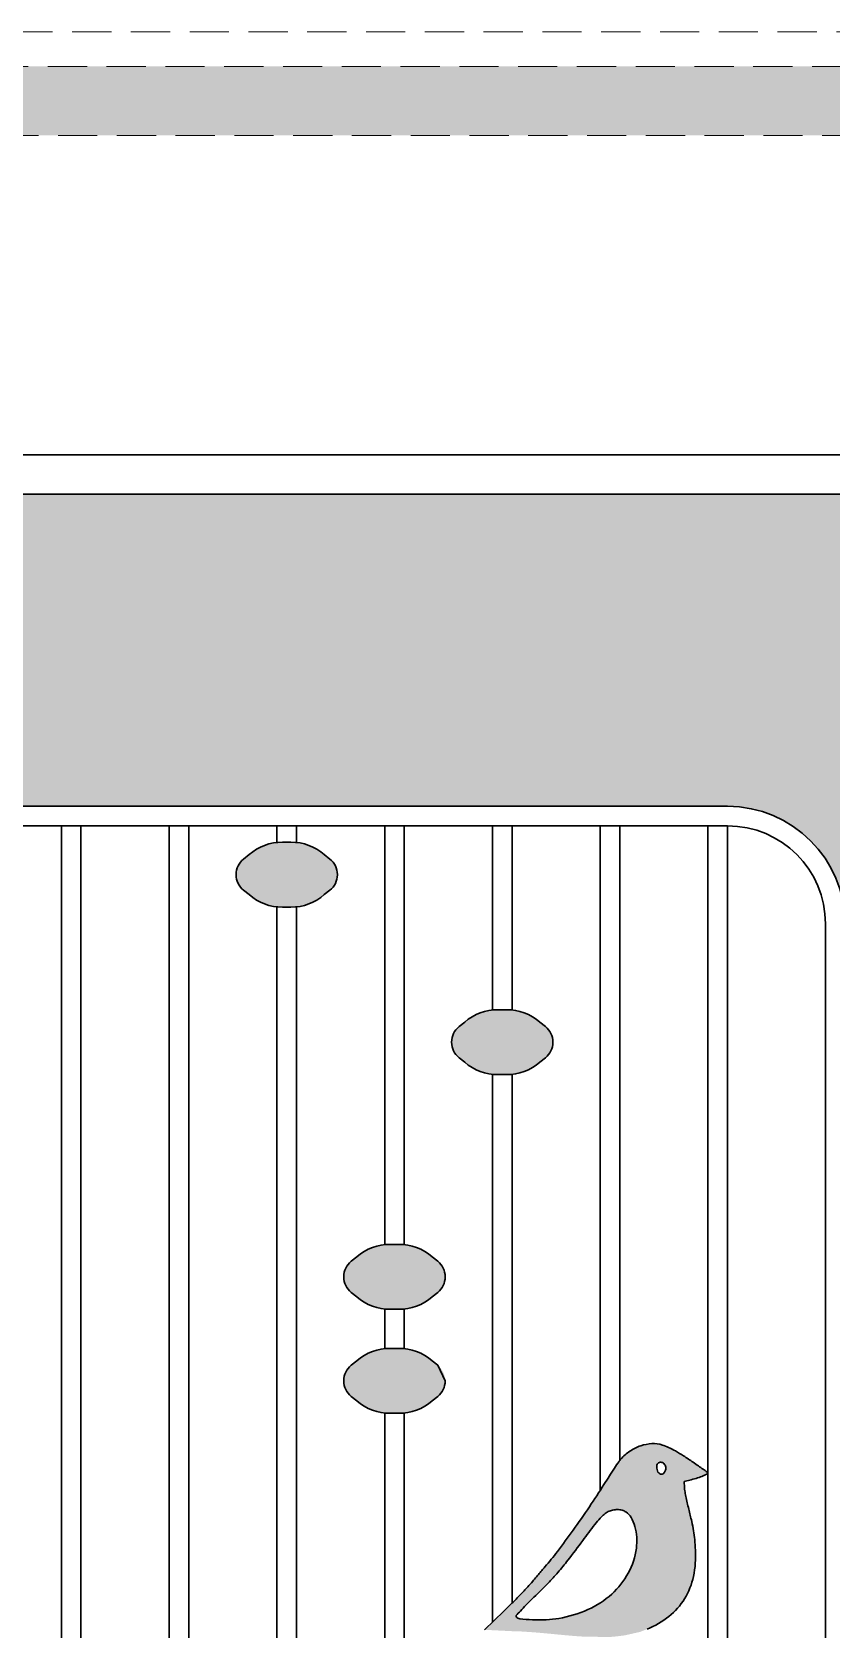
# Model space of a CAD drawing. Header units: millimetres. Extents: x 35877 to 3066687, y -650199 to -40525.
# Drawn here: x 147941.02 to 147961.42, y -180484.81 to -180444.06 of the extents above; entities that cross this region are included whole.
import ezdxf

# ---------------------------------------------------------------- set-up
doc = ezdxf.new("R2010")
doc.units = ezdxf.units.MM
doc.header["$MEASUREMENT"] = 0
doc.linetypes.add('DASHEDX2', pattern=[1.5, 1, -0.5])
for name, color, linetype, lineweight in [('dim05', 1, 'Continuous', 13), ('Dimension', 10, 'DASHEDX2', 20), ('Elevation 4.5', 206, 'Continuous', 5), ('FURNITURE', 32, 'Continuous', 9)]:
    doc.layers.add(name, color=color, linetype=linetype, lineweight=lineweight)

msp = doc.modelspace()

# ---------------------------------------------------------------- hatches: boundary and pattern name
at = {"layer": 'dim05', "lineweight": 0, "true_color": 0xa47149, "transparency": 33554572}
h = msp.add_hatch(color=35, dxfattribs=at)
h.dxf.hatch_style = 1
h.paths.add_polyline_path([(147967.7670996476, -180455.8526228707), (147921.7750088354, -180455.8526228707), (147921.7826582461, -180547.8119476445), (147967.7747490583, -180547.8119476445), (147967.7735097604, -180532.9134151558), (147961.7747490583, -180532.9134151558), (147961.7747490583, -180535.8119476445, -0.4142135623730951), (147958.7747490583, -180538.8119476445), (147930.7771956997, -180538.8119476445, -0.4142135623730951), (147927.7771956997, -180535.8119476445), (147927.7771956997, -180466.8178476894, -0.4142135623730951), (147930.7771956997, -180463.8178476894), (147958.7747490583, -180463.8178476894, -0.4142135623730951), (147961.7747490583, -180466.8178476894), (147961.7747490583, -180493.7135500387), (147967.7702490159, -180493.7135500387)])
at = {"layer": 'Dimension', "true_color": 0xd39e00, "transparency": 33554687}
h = msp.add_hatch(color=42, dxfattribs=at)
h.paths.add_polyline_path([(147779.4312892751, -180444.9377597726), (147779.4312892751, -180621.4179555147), (148030.1577684627, -180621.4179555147), (148030.1577684627, -180444.9377597726)])
h.paths.add_polyline_path([(147781.1909367456, -180446.6974072431), (148028.3981209922, -180446.6974072431), (148028.3981209922, -180619.6583080442), (147781.1909367456, -180619.6583080442)], flags=16)
at = {"layer": 'Elevation 4.5', "lineweight": 0, "true_color": 0x000000, "transparency": 33554628}
h = msp.add_hatch(color=18, dxfattribs=at)
h.dxf.hatch_style = 1
h.paths.add_polyline_path([(147948.8190167681, -180465.5657107987, 0.2335693837455621), (147948.6289833785, -180465.1655708325), (147948.4843137104, -180465.0512714502, 0.1866468864992518), (147947.6342409349, -180464.7347749603), (147947.4179077099, -180464.7347749603, 0.1866468864992447), (147946.5678349343, -180465.0512714502), (147946.4231652663, -180465.1655708326, 0.2294381312187929), (147946.2331318766, -180465.55789812, 0.2335693837448415), (147946.4231652663, -180465.9580380861), (147946.5678349343, -180466.0723374684, 0.1866468864992493), (147947.4179077099, -180466.3888339584), (147947.6342409349, -180466.3888339584, 0.1866468864992456), (147948.4843137104, -180466.0723374684), (147948.6289833784, -180465.9580380862, 0.2294381312761698)])
h = msp.add_hatch(color=18, dxfattribs=at)
h.dxf.hatch_style = 1
h.paths.add_polyline_path([(147954.3186089946, -180469.8399528653, 0.2335693837455621), (147954.1285756049, -180469.4398128992), (147953.9839059369, -180469.3255135169, 0.1866468864992518), (147953.1338331613, -180469.0090170269), (147952.9174999363, -180469.0090170269, 0.1866468864992447), (147952.0674271608, -180469.3255135169), (147951.9227574927, -180469.4398128992, 0.2294381312187929), (147951.732724103, -180469.8321401866, 0.2335693837448415), (147951.9227574927, -180470.2322801528), (147952.0674271608, -180470.346579535, 0.1866468864992493), (147952.9174999363, -180470.663076025), (147953.1338331613, -180470.663076025, 0.1866468864992456), (147953.9839059369, -180470.346579535), (147954.1285756049, -180470.2322801528, 0.2294381312761698)])
h = msp.add_hatch(color=18, dxfattribs=at)
h.dxf.hatch_style = 1
h.paths.add_polyline_path([(147951.5688128814, -180475.8281680061, 0.2335693837455621), (147951.3787794917, -180475.42802804), (147951.2341098237, -180475.3137286577, 0.1866468864992518), (147950.3840370481, -180474.9972321677), (147950.1677038231, -180474.9972321677, 0.1866468864992447), (147949.3176310475, -180475.3137286577), (147949.1729613795, -180475.42802804, 0.2294381312187929), (147948.9829279898, -180475.8203553274, 0.2335693837448415), (147949.1729613795, -180476.2204952936), (147949.3176310475, -180476.3347946758, 0.1866468864992493), (147950.1677038231, -180476.6512911658), (147950.3840370481, -180476.6512911658, 0.1866468864992456), (147951.2341098237, -180476.3347946758), (147951.3787794916, -180476.2204952936, 0.2294381312761698)])
h = msp.add_hatch(color=18, dxfattribs=at)
h.dxf.hatch_style = 1
h.paths.add_polyline_path([(147951.5688128814, -180478.4822270042, 0.2335693837455621), (147951.3787794917, -180478.082087038), (147951.2341098237, -180477.9677876557, 0.1866468864992518), (147950.3840370481, -180477.6512911658), (147950.1677038231, -180477.6512911658, 0.1866468864992447), (147949.3176310475, -180477.9677876557), (147949.1729613795, -180478.0820870381, 0.2294381312187929), (147948.9829279898, -180478.4744143255, 0.2335693837448415), (147949.1729613795, -180478.8745542916), (147949.3176310475, -180478.9888536739, 0.1866468864992493), (147950.1677038231, -180479.3053501639), (147950.3840370481, -180479.3053501639, 0.1866468864992456), (147951.2341098237, -180478.9888536739), (147951.3787794916, -180478.8745542917, 0.2294381312761698)])
h = msp.add_hatch(color=18, dxfattribs=at)
h.dxf.hatch_style = 1
edge = h.paths.add_edge_path()
edge.add_arc((147974.8492462695, -180493.2130280289), 22.71277757108558, 507.18851789711357, 507.8382754307384, ccw=False)
edge.add_arc((147969.5691350811, -180489.8087307735), 16.43035654375045, 506.36276235670414, 507.1885178933482, ccw=False)
edge.add_arc((147970.547837126, -180490.4599271002), 17.60590507442646, 505.7126965902337, 506.36267839571167, ccw=False)
edge.add_arc((147956.5589606608, -180480.9219042679), 0.674793347500813, 498.8310564494863, 505.71269656689344, ccw=False)
edge.add_arc((147956.9556772923, -180481.2688237704), 1.201801152872894, 484.0079692633073, 498.83105645645423, ccw=False)
edge.add_arc((147956.9340976015, -180481.2368401597), 1.163218327600577, 468.8201198875571, 484.007969265302, ccw=False)
edge.add_arc((147956.8968613115, -180481.1275910767), 1.047797777297143, 452.784597418169, 468.8200135968284, ccw=False)
edge.add_arc((147956.882990814, -180480.8424169415), 0.7622865198643559, 432.43001919093206, 452.78459742634254, ccw=False)
edge.add_arc((147956.7237841664, -180481.3452137415), 1.289687106465092, 425.01576951251707, 432.4300191824818, ccw=False)
edge.add_arc((147956.1602138834, -180482.5546630829), 2.62399560651567, 420.65778612325323, 425.015769527549, ccw=False)
edge.add_arc((147955.5526629469, -180483.6354395273), 3.863832637452334, 417.08159717631605, 420.65778610862327, ccw=False)
edge.add_arc((147952.9704578281, -180487.6241112359), 8.615388727239672, 415.1179514214472, 417.0815971825976, ccw=False)
edge.add_arc((147925.4917153806, -180527.0402768555), 56.66448235709579, 414.95139004013964, 415.11795143395045, ccw=False)
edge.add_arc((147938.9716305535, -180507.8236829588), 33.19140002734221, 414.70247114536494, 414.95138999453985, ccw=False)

■ About this exercise:
Each line above that includes "name" should be shown.

■ Written solution:
for name, color, linetype, lineweight in [('dim05', 1, 'Continuous', 13), ('Dimension', 10, 'DASHEDX2', 20), ('Elevation 4.5', 206, 'Continuous', 5), ('FURNITURE', 32, 'Continuous', 9)]:
    doc.layers.add(name, color=color, linetype=linetype, lineweight=lineweight)
# ---------------------------------------------------------------- hatches: boundary and pattern name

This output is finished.